## TASK GOAL
Please count the lines in the data below that hold "Area" and answer with the number by itself.

*** Opening MATERIAL PROVIDED ***

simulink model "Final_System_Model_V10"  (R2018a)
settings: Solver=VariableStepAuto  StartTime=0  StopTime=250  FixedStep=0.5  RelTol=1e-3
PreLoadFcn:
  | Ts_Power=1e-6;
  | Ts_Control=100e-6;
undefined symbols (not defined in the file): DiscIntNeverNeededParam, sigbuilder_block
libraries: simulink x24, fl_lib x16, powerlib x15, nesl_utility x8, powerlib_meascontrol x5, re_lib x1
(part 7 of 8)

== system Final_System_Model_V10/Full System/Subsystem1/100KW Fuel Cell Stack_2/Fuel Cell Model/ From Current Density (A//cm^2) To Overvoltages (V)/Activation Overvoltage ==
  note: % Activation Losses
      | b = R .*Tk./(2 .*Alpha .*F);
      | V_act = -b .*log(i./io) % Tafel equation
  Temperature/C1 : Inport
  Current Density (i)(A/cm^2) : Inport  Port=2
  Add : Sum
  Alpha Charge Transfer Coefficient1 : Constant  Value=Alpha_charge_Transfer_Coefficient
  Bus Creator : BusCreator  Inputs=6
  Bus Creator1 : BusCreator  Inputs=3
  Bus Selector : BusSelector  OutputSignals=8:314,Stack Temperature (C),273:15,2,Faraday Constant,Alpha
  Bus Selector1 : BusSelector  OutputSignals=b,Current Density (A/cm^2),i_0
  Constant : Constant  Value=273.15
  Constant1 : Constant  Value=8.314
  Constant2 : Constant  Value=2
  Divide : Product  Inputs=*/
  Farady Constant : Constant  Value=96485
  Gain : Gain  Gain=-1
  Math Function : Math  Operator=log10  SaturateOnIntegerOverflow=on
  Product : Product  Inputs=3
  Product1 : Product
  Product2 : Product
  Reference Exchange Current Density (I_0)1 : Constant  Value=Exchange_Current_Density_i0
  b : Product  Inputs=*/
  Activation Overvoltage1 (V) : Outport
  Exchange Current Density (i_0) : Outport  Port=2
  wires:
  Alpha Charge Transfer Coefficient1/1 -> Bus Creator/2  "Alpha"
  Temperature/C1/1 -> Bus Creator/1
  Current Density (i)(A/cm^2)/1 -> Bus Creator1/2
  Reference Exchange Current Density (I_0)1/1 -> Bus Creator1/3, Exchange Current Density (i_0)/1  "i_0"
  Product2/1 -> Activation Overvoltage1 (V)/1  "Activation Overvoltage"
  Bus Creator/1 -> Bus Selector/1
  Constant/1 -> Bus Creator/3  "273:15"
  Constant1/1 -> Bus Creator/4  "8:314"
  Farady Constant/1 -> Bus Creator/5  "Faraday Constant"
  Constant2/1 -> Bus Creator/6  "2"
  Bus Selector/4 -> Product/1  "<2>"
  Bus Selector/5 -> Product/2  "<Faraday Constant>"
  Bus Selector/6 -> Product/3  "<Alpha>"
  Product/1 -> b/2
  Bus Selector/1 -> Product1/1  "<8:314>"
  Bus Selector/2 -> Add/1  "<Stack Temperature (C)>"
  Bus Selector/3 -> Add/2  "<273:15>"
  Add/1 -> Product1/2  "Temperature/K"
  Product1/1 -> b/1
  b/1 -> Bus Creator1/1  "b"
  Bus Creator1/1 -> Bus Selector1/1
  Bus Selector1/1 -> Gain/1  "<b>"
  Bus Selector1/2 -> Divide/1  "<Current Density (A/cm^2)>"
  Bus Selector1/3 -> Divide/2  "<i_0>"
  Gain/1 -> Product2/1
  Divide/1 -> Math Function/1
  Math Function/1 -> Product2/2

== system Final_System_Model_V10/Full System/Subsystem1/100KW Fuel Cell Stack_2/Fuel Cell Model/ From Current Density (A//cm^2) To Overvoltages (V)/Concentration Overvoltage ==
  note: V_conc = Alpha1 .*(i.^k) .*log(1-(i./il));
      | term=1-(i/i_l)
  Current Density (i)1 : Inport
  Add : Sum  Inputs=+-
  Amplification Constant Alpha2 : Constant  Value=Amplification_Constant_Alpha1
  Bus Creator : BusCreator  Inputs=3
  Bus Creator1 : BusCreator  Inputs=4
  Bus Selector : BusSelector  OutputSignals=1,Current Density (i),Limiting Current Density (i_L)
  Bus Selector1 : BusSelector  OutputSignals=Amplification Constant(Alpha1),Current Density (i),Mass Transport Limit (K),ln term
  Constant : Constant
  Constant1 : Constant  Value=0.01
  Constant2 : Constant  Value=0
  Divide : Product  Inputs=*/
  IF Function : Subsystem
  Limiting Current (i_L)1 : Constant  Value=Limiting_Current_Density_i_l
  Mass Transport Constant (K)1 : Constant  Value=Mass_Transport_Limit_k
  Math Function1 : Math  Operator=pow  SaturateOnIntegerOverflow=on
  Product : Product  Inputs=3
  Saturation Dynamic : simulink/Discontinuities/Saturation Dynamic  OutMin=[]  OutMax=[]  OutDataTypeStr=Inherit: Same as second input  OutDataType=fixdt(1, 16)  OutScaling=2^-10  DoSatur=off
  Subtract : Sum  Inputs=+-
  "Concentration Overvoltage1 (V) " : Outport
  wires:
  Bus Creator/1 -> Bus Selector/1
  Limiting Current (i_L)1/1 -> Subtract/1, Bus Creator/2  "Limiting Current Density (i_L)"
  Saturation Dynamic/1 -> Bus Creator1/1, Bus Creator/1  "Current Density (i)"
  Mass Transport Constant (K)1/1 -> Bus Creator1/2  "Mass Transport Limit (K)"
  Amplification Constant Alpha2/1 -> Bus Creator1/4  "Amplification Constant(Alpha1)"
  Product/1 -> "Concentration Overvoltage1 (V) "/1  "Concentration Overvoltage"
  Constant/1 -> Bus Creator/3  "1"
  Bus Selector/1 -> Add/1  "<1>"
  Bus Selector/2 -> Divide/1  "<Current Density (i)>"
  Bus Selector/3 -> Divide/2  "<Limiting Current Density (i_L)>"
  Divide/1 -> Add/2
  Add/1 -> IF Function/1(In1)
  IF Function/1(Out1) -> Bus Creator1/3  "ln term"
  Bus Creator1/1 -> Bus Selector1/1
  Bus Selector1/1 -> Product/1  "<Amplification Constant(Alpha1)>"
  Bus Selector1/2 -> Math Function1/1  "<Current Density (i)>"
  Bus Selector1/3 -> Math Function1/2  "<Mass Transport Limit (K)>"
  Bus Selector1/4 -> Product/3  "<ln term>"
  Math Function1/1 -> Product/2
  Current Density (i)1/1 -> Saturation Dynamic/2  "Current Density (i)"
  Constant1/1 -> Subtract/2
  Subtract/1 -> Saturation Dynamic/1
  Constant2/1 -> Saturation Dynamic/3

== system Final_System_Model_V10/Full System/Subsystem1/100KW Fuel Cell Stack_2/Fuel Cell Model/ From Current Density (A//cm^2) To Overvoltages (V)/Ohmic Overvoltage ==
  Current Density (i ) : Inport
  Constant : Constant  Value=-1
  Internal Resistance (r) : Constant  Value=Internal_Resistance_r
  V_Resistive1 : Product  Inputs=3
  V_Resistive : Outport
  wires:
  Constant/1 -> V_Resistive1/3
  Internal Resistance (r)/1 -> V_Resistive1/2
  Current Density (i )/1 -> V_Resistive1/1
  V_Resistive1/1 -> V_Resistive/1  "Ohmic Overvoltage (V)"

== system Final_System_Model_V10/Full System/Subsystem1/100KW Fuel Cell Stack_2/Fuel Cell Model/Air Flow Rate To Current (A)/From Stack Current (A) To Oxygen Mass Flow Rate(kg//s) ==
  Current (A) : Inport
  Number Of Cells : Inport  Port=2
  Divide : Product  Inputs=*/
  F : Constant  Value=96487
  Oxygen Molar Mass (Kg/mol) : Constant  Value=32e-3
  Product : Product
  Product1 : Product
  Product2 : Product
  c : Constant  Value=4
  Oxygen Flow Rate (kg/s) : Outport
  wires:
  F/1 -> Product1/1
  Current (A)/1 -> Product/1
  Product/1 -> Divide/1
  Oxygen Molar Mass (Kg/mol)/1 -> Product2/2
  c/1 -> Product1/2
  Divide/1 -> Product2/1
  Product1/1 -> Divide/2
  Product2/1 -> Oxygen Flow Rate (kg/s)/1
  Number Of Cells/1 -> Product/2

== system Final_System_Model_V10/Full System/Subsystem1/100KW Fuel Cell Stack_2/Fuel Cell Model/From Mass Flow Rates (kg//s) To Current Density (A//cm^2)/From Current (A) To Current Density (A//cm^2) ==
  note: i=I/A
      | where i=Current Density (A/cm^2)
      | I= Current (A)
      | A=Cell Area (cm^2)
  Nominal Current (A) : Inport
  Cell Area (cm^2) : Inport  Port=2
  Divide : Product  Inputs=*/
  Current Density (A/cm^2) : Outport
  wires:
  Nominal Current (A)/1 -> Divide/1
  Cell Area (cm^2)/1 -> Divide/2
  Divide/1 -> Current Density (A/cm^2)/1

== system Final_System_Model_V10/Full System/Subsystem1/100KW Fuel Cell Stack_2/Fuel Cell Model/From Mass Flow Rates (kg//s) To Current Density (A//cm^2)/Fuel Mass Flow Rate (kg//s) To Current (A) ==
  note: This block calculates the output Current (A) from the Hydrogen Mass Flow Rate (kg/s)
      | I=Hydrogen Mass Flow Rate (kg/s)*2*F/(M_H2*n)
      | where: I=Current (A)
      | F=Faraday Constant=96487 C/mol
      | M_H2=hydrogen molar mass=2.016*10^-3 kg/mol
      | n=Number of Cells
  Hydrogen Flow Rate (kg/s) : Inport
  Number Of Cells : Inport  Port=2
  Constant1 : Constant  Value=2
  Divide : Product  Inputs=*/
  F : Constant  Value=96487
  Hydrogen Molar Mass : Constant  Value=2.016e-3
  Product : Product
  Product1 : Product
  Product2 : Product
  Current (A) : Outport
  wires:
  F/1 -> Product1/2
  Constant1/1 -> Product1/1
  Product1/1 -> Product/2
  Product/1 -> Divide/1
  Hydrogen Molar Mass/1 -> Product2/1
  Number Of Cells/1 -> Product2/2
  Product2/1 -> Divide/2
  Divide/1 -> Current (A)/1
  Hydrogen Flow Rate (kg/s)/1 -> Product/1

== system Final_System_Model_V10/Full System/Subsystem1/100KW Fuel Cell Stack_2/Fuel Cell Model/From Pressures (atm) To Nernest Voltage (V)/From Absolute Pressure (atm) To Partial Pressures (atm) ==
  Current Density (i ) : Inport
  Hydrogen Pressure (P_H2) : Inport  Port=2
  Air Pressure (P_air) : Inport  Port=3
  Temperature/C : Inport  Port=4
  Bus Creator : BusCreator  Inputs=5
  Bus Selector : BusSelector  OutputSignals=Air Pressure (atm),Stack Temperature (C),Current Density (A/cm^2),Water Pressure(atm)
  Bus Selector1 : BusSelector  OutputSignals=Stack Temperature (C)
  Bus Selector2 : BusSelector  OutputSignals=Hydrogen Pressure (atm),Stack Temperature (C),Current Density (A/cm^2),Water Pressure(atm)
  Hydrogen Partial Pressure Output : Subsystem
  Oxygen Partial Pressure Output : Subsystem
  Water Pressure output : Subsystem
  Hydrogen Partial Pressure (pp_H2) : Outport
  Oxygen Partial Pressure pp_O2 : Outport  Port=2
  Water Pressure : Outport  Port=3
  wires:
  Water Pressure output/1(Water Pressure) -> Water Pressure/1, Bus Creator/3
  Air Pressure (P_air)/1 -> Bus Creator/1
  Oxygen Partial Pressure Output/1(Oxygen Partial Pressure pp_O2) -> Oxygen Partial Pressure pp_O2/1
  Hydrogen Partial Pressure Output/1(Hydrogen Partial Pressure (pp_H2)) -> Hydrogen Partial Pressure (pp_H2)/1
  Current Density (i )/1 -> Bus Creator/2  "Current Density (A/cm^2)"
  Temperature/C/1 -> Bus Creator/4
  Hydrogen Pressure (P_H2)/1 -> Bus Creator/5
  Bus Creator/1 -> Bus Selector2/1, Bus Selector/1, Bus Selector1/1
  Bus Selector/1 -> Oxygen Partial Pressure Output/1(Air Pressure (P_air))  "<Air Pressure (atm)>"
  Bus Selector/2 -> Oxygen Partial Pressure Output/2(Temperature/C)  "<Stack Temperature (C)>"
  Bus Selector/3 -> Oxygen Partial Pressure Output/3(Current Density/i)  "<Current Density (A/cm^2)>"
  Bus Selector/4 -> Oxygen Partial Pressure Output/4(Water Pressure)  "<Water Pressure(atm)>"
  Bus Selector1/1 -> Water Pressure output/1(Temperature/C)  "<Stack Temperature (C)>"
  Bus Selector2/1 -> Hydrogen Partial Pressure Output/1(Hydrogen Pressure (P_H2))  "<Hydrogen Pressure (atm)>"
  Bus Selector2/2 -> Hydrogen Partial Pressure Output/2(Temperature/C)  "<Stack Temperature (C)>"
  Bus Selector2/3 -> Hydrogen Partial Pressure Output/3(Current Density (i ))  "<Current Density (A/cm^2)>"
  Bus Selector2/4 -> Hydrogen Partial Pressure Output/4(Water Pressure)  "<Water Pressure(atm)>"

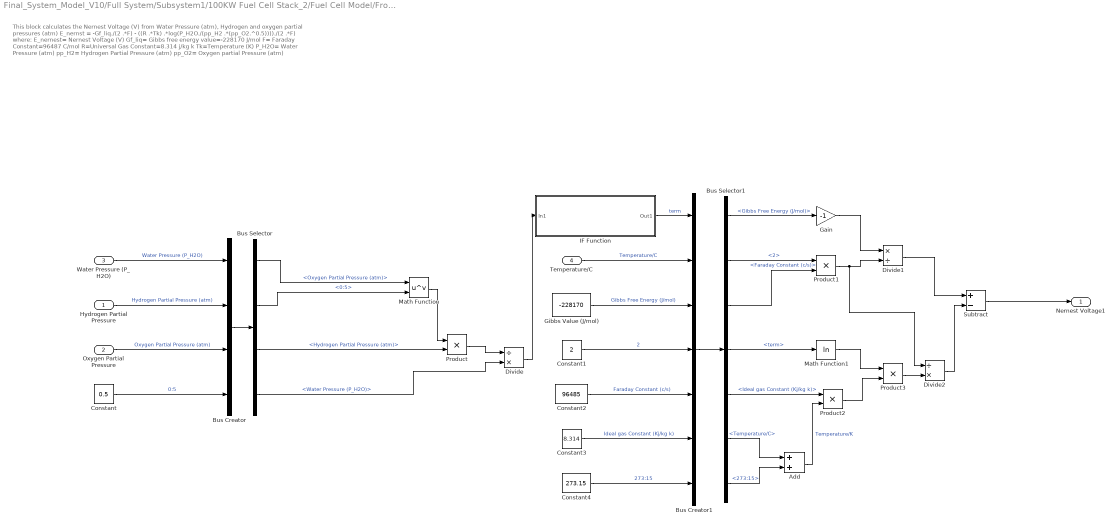
== system Final_System_Model_V10/Full System/Subsystem1/100KW Fuel Cell Stack_2/Fuel Cell Model/From Pressures (atm) To Nernest Voltage (V)/From Partial Pressures (atm) To Nernest Voltage (V) ==
  note: This block calculates the Nernest Voltage (V) from Water Pressure (atm), Hydrogen and oxygen partial pressures (atm)
      | E_nernst = -Gf_liq./(2 .*F) - ((R .*Tk) .*log(P_H2O./(pp_H2 .*(pp_O2.^0.5))))./(2 .*F)
      | where: E_nernest= Nernest Voltage (V)
      | Gf_liq= Gibbs free energy value=-228170 J/mol
      | F= Faraday Constant=96487 C/mol
      | R=Universal Gas Constant=8.314 j/kg k
      | Tk=Temperature (K)
      | P_H2O= Water Pressure (atm)
      | pp_H2= Hydrogen Partial Pressure (atm)
      | pp_O2= Oxygen partial Pressure (atm)
  Hydrogen Partial Pressure : Inport
  Oxygen Partial Pressure : Inport  Port=2
  Water Pressure (P_H2O) : Inport  Port=3
  Temperature/C : Inport  Port=4
  Add : Sum
  Bus Creator : BusCreator  Inputs=4
  Bus Creator1 : BusCreator  Inputs=7
  Bus Selector : BusSelector  OutputSignals=Oxygen Partial Pressure (atm),0:5,Hydrogen Partial Pressure (atm),Water Pressure (P_H2O)
  Bus Selector1 : BusSelector  OutputSignals=Gibbs Free Energy (J/mol),2,Faraday Constant (c/s),term,Ideal gas Constant (Kj/kg k),Temperature/C,273:15
  Constant : Constant  Value=0.5
  Constant1 : Constant  Value=2
  Constant2 : Constant  Value=96485
  Constant3 : Constant  Value=8.314
  Constant4 : Constant  Value=273.15
  Divide : Product  Inputs=/*
  Divide1 : Product  Inputs=*/
  Divide2 : Product  Inputs=/*
  Gain : Gain  Gain=-1
  Gibbs Value (J/mol) : Constant  Value=-228170
  IF Function : Subsystem
  Math Function : Math  Operator=pow  SaturateOnIntegerOverflow=on
  Math Function1 : Math  Operator=log  SaturateOnIntegerOverflow=on
  Product{,1..3} (4 alike) : Product
  Subtract : Sum  Inputs=+-
  Nernest Voltage1 : Outport
  wires:
  Gibbs Value (J/mol)/1 -> Bus Creator1/3  "Gibbs Free Energy (J/mol)"
  Oxygen Partial Pressure/1 -> Bus Creator/3  "Oxygen Partial Pressure (atm)"
  Water Pressure (P_H2O)/1 -> Bus Creator/1  "Water Pressure (P_H2O)"
  Hydrogen Partial Pressure/1 -> Bus Creator/2  "Hydrogen Partial Pressure (atm)"
  Temperature/C/1 -> Bus Creator1/2  "Temperature/C"
  Bus Creator/1 -> Bus Selector/1
  Bus Selector/2 -> Math Function/2  "<0:5>"
  Constant/1 -> Bus Creator/4  "0:5"
  Bus Selector/1 -> Math Function/1  "<Oxygen Partial Pressure (atm)>"
  Bus Selector/3 -> Product/2  "<Hydrogen Partial Pressure (atm)>"
  Math Function/1 -> Product/1
  Bus Selector/4 -> Divide/2  "<Water Pressure (P_H2O)>"
  Product/1 -> Divide/1
  Divide/1 -> IF Function/1(In1)
  IF Function/1(Out1) -> Bus Creator1/1  "term"
  Bus Creator1/1 -> Bus Selector1/1
  Constant1/1 -> Bus Creator1/4  "2"
  Constant2/1 -> Bus Creator1/5  "Faraday Constant (c/s)"
  Bus Selector1/1 -> Gain/1  "<Gibbs Free Energy (J/mol)>"
  Gain/1 -> Divide1/1
  Bus Selector1/2 -> Product1/1  "<2>"
  Bus Selector1/3 -> Product1/2  "<Faraday Constant (c/s)>"
  Product1/1 -> Divide2/1, Divide1/2
  Divide1/1 -> Subtract/1
  Bus Selector1/4 -> Math Function1/1  "<term>"
  Math Function1/1 -> Product3/1
  Constant3/1 -> Bus Creator1/6  "Ideal gas Constant (Kj/kg k)"
  Constant4/1 -> Bus Creator1/7  "273:15"
  Bus Selector1/5 -> Product2/1  "<Ideal gas Constant (Kj/kg k)>"
  Bus Selector1/6 -> Add/1  "<Temperature/C>"
  Bus Selector1/7 -> Add/2  "<273:15>"
  Add/1 -> Product2/2  "Temperature/K"
  Product2/1 -> Product3/2
  Product3/1 -> Divide2/2
  Divide2/1 -> Subtract/2
  Subtract/1 -> Nernest Voltage1/1

== system Final_System_Model_V10/Full System/Subsystem1/80KW Fuel Cell Stack_1/Fuel Cell Model/ From Current Density (A//cm^2) To Overvoltages (V)/Activation Overvoltage ==
  note: % Activation Losses
      | b = R .*Tk./(2 .*Alpha .*F);
      | V_act = -b .*log(i./io) % Tafel equation
  Temperature/C1 : Inport
  Current Density (i)(A/cm^2) : Inport  Port=2
  Add : Sum
  Alpha Charge Transfer Coefficient1 : Constant  Value=Alpha_charge_Transfer_Coefficient
  Bus Creator : BusCreator  Inputs=6
  Bus Creator1 : BusCreator  Inputs=3
  Bus Selector : BusSelector  OutputSignals=8:314,Stack Temperature (C),273:15,2,Faraday Constant,Alpha
  Bus Selector1 : BusSelector  OutputSignals=b,Current Density (A/cm^2),i_0
  Constant : Constant  Value=273.15
  Constant1 : Constant  Value=8.314
  Constant2 : Constant  Value=2
  Divide : Product  Inputs=*/
  Farady Constant : Constant  Value=96485
  Gain : Gain  Gain=-1
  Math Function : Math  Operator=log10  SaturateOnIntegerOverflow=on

*** Closing MATERIAL PROVIDED ***

## SOLUTION BELOW
3